The problem is I cannot remember what I did on the 06. Any further help would be great. I think I just added a fuse under the hood drivers side?


----------



## jomama45 (Dec 25, 2008)

dieseld;840525 said:


> The problem is I cannot remember what I did on the 06. Any further help would be great. I think I just added a fuse under the hood drivers side?


Check under the hood in the "electrical center" in Stud #1 or #2. There should be a red "dummy" plug where the fuse goes in. It's likely that the maxi-fuse needed is still taped to the brake controller wiring harness under the dash. Merely plase that fuse where the red plug was.


----------



## dieseld (Dec 30, 2005)

Thanks, I just looked. Stud#1 and stud#2 each have a 30amp in them(large style fuse) yet I towed the dump trailer all day and it is dead? Any suggestions?


----------



## 2COR517 (Oct 23, 2008)

Are there wires connected to the two studs? And is your trailer wired to charge the battery? My dump was not, I had to modify it. Either way, put the charger on tonight.


----------



## dieseld (Dec 30, 2005)

2COR517;840917 said:


> Are there wires connected to the two studs? And is your trailer wired to charge the battery? My dump was not, I had to modify it. Either way, put the charger on tonight.


Dump is wired for it yes. Wires connected to studs?

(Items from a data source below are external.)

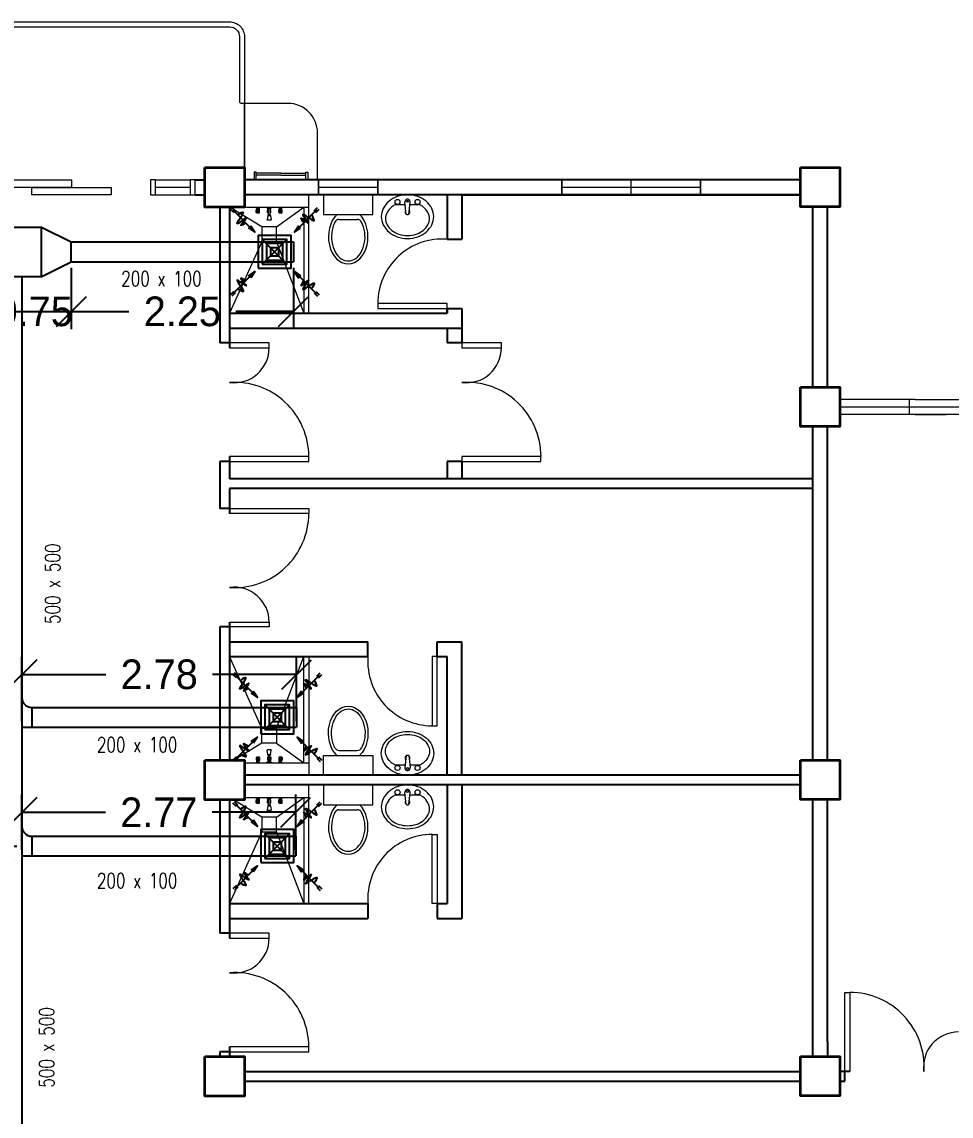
# Model space of a CAD drawing. Header units: inches. Extents: x 57 to 217, y -85 to 29.
# Drawn here: x 145.95 to 155.35, y -53.31 to -42.23 of the extents above; entities that cross this region are included whole.
import ezdxf

# ---------------------------------------------------------------- set-up
doc = ezdxf.new("R2010")
doc.units = ezdxf.units.IN
doc.header["$MEASUREMENT"] = 0
for name, color, linetype in [('AIR', 7, 'Continuous'), ('AIR-00', 8, 'Continuous'), ('AIR-03', 30, 'Continuous'), ('dimen', 7, 'Continuous'), ('ducting label', 7, 'Continuous'), ('exhaust', 7, 'Continuous')]:
    doc.layers.add(name, color=color, linetype=linetype)
doc.styles.add('Arch-Dim', font='simplex.shx', dxfattribs={"width": 0.75})
doc.dimstyles.new('Copy of dimension', dxfattribs={"dimtxt": 0.3, "dimasz": 0.3, "dimexe": 0.18, "dimexo": 0.0625, "dimgap": 0.09, "dimtad": 0, "dimzin": 0, "dimdsep": 46, "dimtxsty": 'Standard', "dimblk": 'OBLIQUE', "dimcen": 0.09, "dimclrd": 256, "dimclre": 256, "dimclrt": 256, "dimadec": 0, "dimazin": 0, "dimtfac": 1, "dimtofl": 0, "dimtmove": 0, "dimatfit": 3, "dimldrblk": 'OBLIQUE', "dimfxl": 1, "dimtolj": 1, "dimtzin": 0, "dimarcsym": 0})

# ---------------------------------------------------------------- blocks, each defined once
blk = doc.blocks.new('GRILL-C-IN')
at = {"layer": 'AIR-00', "ltscale": 3}
for p, q in [((-0.601, 0.623), (-0.651, 0.674)), ((0.601, 0.623), (0.651, 0.674)), ((-0.623, 0.601), (-0.674, 0.651)), ((-0.637, 0.637), (-0.3, 0.3)), ((0.637, 0.637), (0.3, 0.3)), ((0.623, 0.601), (0.674, 0.651)), ((-0.637, -0.637), (-0.3, -0.3)), ((0.637, -0.637), (0.3, -0.3)), ((-0.623, -0.601), (-0.674, -0.651)), ((-0.601, -0.623), (-0.651, -0.674)), ((0.601, -0.623), (0.651, -0.674)), ((0.623, -0.601), (0.674, -0.651))]:
    blk.add_line(p, q, dxfattribs=at)
at = {"layer": 'AIR-00', "color": 50}
for p, q in [((-0.188, 0.187), (0.187, -0.188)), ((0.187, 0.187), (-0.188, -0.188))]:
    blk.add_line(p, q, dxfattribs=at)
at = {"layer": 'AIR-00', "ltscale": 3}
for points in [[(-0.362, 0.393), (-0.393, 0.362), (-0.3, 0.3)], [(0.393, 0.362), (0.362, 0.393), (0.3, 0.3)], [(-0.362, -0.393), (-0.393, -0.362), (-0.3, -0.3)], [(0.393, -0.362), (0.362, -0.393), (0.3, -0.3)]]:
    blk.add_lwpolyline(points, close=True, dxfattribs=at)
at = {"layer": 'AIR-00', "color": 50}
for points in [[(-0.188, -0.188), (0.187, -0.188), (0.187, 0.187), (-0.188, 0.187)], [(-0.125, -0.125), (0.125, -0.125), (0.125, 0.125), (-0.125, 0.125)], [(-0.062, -0.062), (0.062, -0.062), (0.062, 0.062), (-0.062, 0.062)]]:
    blk.add_lwpolyline(points, close=True, dxfattribs=at)
at = {"layer": 'AIR-00', "ltscale": 3}
for points in [[(-0.441, 0.441), (-0.512, 0.404), (-0.432, 0.514), (-0.568, 0.43), (-0.477, 0.6), (-0.561, 0.561)], [(0.441, 0.441), (0.404, 0.512), (0.514, 0.432), (0.43, 0.568), (0.6, 0.477), (0.561, 0.561)], [(-0.441, -0.441), (-0.512, -0.404), (-0.432, -0.514), (-0.568, -0.43), (-0.477, -0.6), (-0.561, -0.561)], [(0.441, -0.441), (0.404, -0.512), (0.514, -0.432), (0.43, -0.568), (0.6, -0.477), (0.561, -0.561)]]:
    blk.add_spline(points, degree=3, dxfattribs=at)
for points in [[(-0.3, 0.3), (-0.362, 0.393), (-0.393, 0.362)], [(0.3, 0.3), (0.393, 0.362), (0.362, 0.393)], [(-0.3, -0.3), (-0.362, -0.393), (-0.393, -0.362)], [(0.3, -0.3), (0.393, -0.362), (0.362, -0.393)]]:
    blk.add_solid(points, dxfattribs=at)
at = {"layer": 'AIR-03', "color": 6}
blk.add_lwpolyline([(-0.25, -0.25), (0.25, -0.25), (0.25, 0.25), (-0.25, 0.25)], close=True, dxfattribs=at)
blk = doc.blocks.new('_Oblique')
at = {"color": 0, "linetype": 'ByBlock', "lineweight": -2}
blk.add_line((-0.5, -0.5), (0.5, 0.5), dxfattribs=at)
blk = doc.blocks.new('*D71')
at = {"layer": 'Defpoints', "color": 0, "transparency": 16777216}
for p in [(146.45, -44.657), (145.7, -44.909), (146.45, -45.161)]:
    blk.add_point(p, dxfattribs=at)
at = {"layer": 'dimen', "lineweight": -2, "transparency": 16777216}
for p, q in [((146.45, -44.719), (146.45, -45.341)), ((145.7, -44.971), (145.7, -45.341)), ((145.7, -45.161), (146.45, -45.161))]:
    blk.add_line(p, q, dxfattribs=at)
at = {"layer": 'dimen', "lineweight": -2, "transparency": 16777216, "xscale": 0.3, "yscale": 0.3, "zscale": 0.3, "rotation": 180}
blk.add_blockref('_Oblique', (145.7, -45.161), dxfattribs=at)
at = {"layer": 'dimen', "lineweight": -2, "transparency": 16777216, "xscale": 0.3, "yscale": 0.3, "zscale": 0.3}
blk.add_blockref('_Oblique', (146.45, -45.161), dxfattribs=at)
at = {"layer": 'dimen', "transparency": 16777216, "insert": (146.075, -45.161), "char_height": 0.3, "attachment_point": 5}
blk.add_mtext('\\A1;0.75', dxfattribs=at)
blk = doc.blocks.new('*D72')
at = {"layer": 'Defpoints', "color": 0, "transparency": 16777216}
for p in [(146.45, -44.657), (148.698, -44.657), (148.698, -45.161)]:
    blk.add_point(p, dxfattribs=at)
at = {"layer": 'dimen', "lineweight": -2, "transparency": 16777216}
for p, q in [((146.45, -44.719), (146.45, -45.341)), ((148.698, -44.719), (148.698, -45.341)), ((146.45, -45.161), (147.034, -45.161)), ((148.698, -45.161), (148.114, -45.161))]:
    blk.add_line(p, q, dxfattribs=at)
at = {"layer": 'dimen', "lineweight": -2, "transparency": 16777216, "xscale": 0.3, "yscale": 0.3, "zscale": 0.3, "rotation": 180}
blk.add_blockref('_Oblique', (146.45, -45.161), dxfattribs=at)
at = {"layer": 'dimen', "lineweight": -2, "transparency": 16777216, "xscale": 0.3, "yscale": 0.3, "zscale": 0.3}
blk.add_blockref('_Oblique', (148.698, -45.161), dxfattribs=at)
at = {"layer": 'dimen', "transparency": 16777216, "insert": (147.574, -45.161), "char_height": 0.3, "attachment_point": 5}
blk.add_mtext('\\A1;2.25', dxfattribs=at)
blk = doc.blocks.new('*D76')
at = {"layer": 'Defpoints', "color": 0, "transparency": 16777216}
for p in [(148.729, -48.835), (145.95, -49.368), (148.729, -49.368)]:
    blk.add_point(p, dxfattribs=at)
at = {"layer": 'dimen', "lineweight": -2, "transparency": 16777216}
for p, q in [((145.95, -49.306), (145.95, -48.655)), ((148.729, -49.306), (148.729, -48.655)), ((145.95, -48.835), (146.8, -48.835)), ((148.729, -48.835), (147.88, -48.835))]:
    blk.add_line(p, q, dxfattribs=at)
at = {"layer": 'dimen', "lineweight": -2, "transparency": 16777216, "xscale": 0.3, "yscale": 0.3, "zscale": 0.3, "rotation": 180}
blk.add_blockref('_Oblique', (145.95, -48.835), dxfattribs=at)
at = {"layer": 'dimen', "lineweight": -2, "transparency": 16777216, "xscale": 0.3, "yscale": 0.3, "zscale": 0.3}
blk.add_blockref('_Oblique', (148.729, -48.835), dxfattribs=at)
at = {"layer": 'dimen', "transparency": 16777216, "insert": (147.34, -48.835), "char_height": 0.3, "attachment_point": 5}
blk.add_mtext('\\A1;2.78', dxfattribs=at)
blk = doc.blocks.new('*D78')
at = {"layer": 'Defpoints', "color": 0, "transparency": 16777216}
for p in [(148.721, -50.23), (145.95, -50.672), (148.721, -50.672)]:
    blk.add_point(p, dxfattribs=at)
at = {"layer": 'dimen', "lineweight": -2, "transparency": 16777216}
for p, q in [((145.95, -50.609), (145.95, -50.05)), ((148.721, -50.609), (148.721, -50.05)), ((145.95, -50.23), (146.796, -50.23)), ((148.721, -50.23), (147.876, -50.23))]:
    blk.add_line(p, q, dxfattribs=at)
at = {"layer": 'dimen', "lineweight": -2, "transparency": 16777216, "xscale": 0.3, "yscale": 0.3, "zscale": 0.3, "rotation": 180}
blk.add_blockref('_Oblique', (145.95, -50.23), dxfattribs=at)
at = {"layer": 'dimen', "lineweight": -2, "transparency": 16777216, "xscale": 0.3, "yscale": 0.3, "zscale": 0.3}
blk.add_blockref('_Oblique', (148.721, -50.23), dxfattribs=at)
at = {"layer": 'dimen', "transparency": 16777216, "insert": (147.336, -50.23), "char_height": 0.3, "attachment_point": 5}
blk.add_mtext('\\A1;2.77', dxfattribs=at)
blk = doc.blocks.new('*D79')
at = {"layer": 'Defpoints', "color": 0, "transparency": 16777216}
for p in [(145.35, -50.572), (145.719, -53.865), (146.05, -53.865)]:
    blk.add_point(p, dxfattribs=at)
at = {"layer": 'dimen', "lineweight": -2, "transparency": 16777216}
for p, q in [((145.413, -50.572), (145.899, -50.572)), ((145.719, -50.572), (145.719, -51.678)), ((145.719, -53.865), (145.719, -52.758)), ((145.988, -53.865), (145.539, -53.865))]:
    blk.add_line(p, q, dxfattribs=at)
at = {"layer": 'dimen', "lineweight": -2, "transparency": 16777216, "xscale": 0.3, "yscale": 0.3, "zscale": 0.3}
for p, rotation in [((145.719, -50.572), 90), ((145.719, -53.865), 270)]:
    blk.add_blockref('_Oblique', p, dxfattribs=dict(at, rotation=rotation))
at = {"layer": 'dimen', "transparency": 16777216, "insert": (145.719, -52.218), "char_height": 0.3, "attachment_point": 5, "rotation": 90}
blk.add_mtext('\\A1;3.29', dxfattribs=at)

msp = doc.modelspace()

# ---------------------------------------------------------------- linework, layer by layer
at = {"color": 8, "linetype": 'ByBlock', "lineweight": 9}
for p, q in [((148.642, -43.054), (148.172, -43.054)), ((148.942, -43.829), (148.942, -43.354)), ((148.322, -43.749), (148.302, -43.749)), ((148.302, -43.749), (148.302, -43.829)), ((148.322, -43.829), (148.322, -43.749)), ((148.822, -43.829), (148.822, -43.749)), ((148.822, -43.749), (148.842, -43.749)), ((148.842, -43.749), (148.842, -43.829)), ((148.202, -43.829), (148.952, -43.829)), ((148.572, -43.759), (148.322, -43.759)), ((148.572, -43.779), (148.322, -43.779)), ((148.572, -43.759), (148.822, -43.759)), ((148.572, -43.779), (148.822, -43.779)), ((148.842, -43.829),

THe studs have the fuses in them I beleive.


----------



## jomama45 (Dec 25, 2008)

Check both fuses to make sure they're good, for some reason I thought one of them was a 40 amp, maybe only on deisels.

Check for power at the truck side of plug (as B&B said earlier), should be the only constant power IF it's working.


----------



## 2COR517 (Oct 23, 2008)

At the rear of the fuse box there are two studs/bolts.


----------



## dieseld (Dec 30, 2005)

the cover of the fuse box says stud1 and stud2, these are not what you are talking about? They have fuses in them.


----------



## 2COR517 (Oct 23, 2008)

You cant put a fuse in a stud. A stud is the threaded end of a bolt protruding from a piece of equipment. Like your wheel studs. The fuses *protect *stud 1 and stud 2. What I am trying to get you to tell us is if there are wires connected to stud 1 and stud 2.


----------



## dieseld (Dec 30, 2005)

OK, I will have to reexamine this. Sorry.


----------



## dieseld (Dec 30, 2005)

OK, I do not have studs protruding through . I am looking under the hood on the drivers side under the fuse cover. The bottom of the fuse cover is labeled with everything. The words stud#1 and stud#2 are present, and there is a large fuse in each location. I am stumped at this point whether or not we are talking about the same thing or not. I would post a picture for you but I can't figure that out on this site for the life of me. Maybe you have a picture? Thanks.


----------



## jomama45 (Dec 25, 2008)

jomama45;840924 said:


> Check both fuses to make sure they're good, for some reason I thought one of them was a 40 amp, maybe only on deisels.
> 
> Check for power at the truck side of plug (as B&B said earlier), should be the only constant power IF it's working.


Have you done these 2 things yet?



dieseld;840949 said:


> the cover of the fuse box says stud1 and stud2, these are not what you are talking about? They have fuses in them.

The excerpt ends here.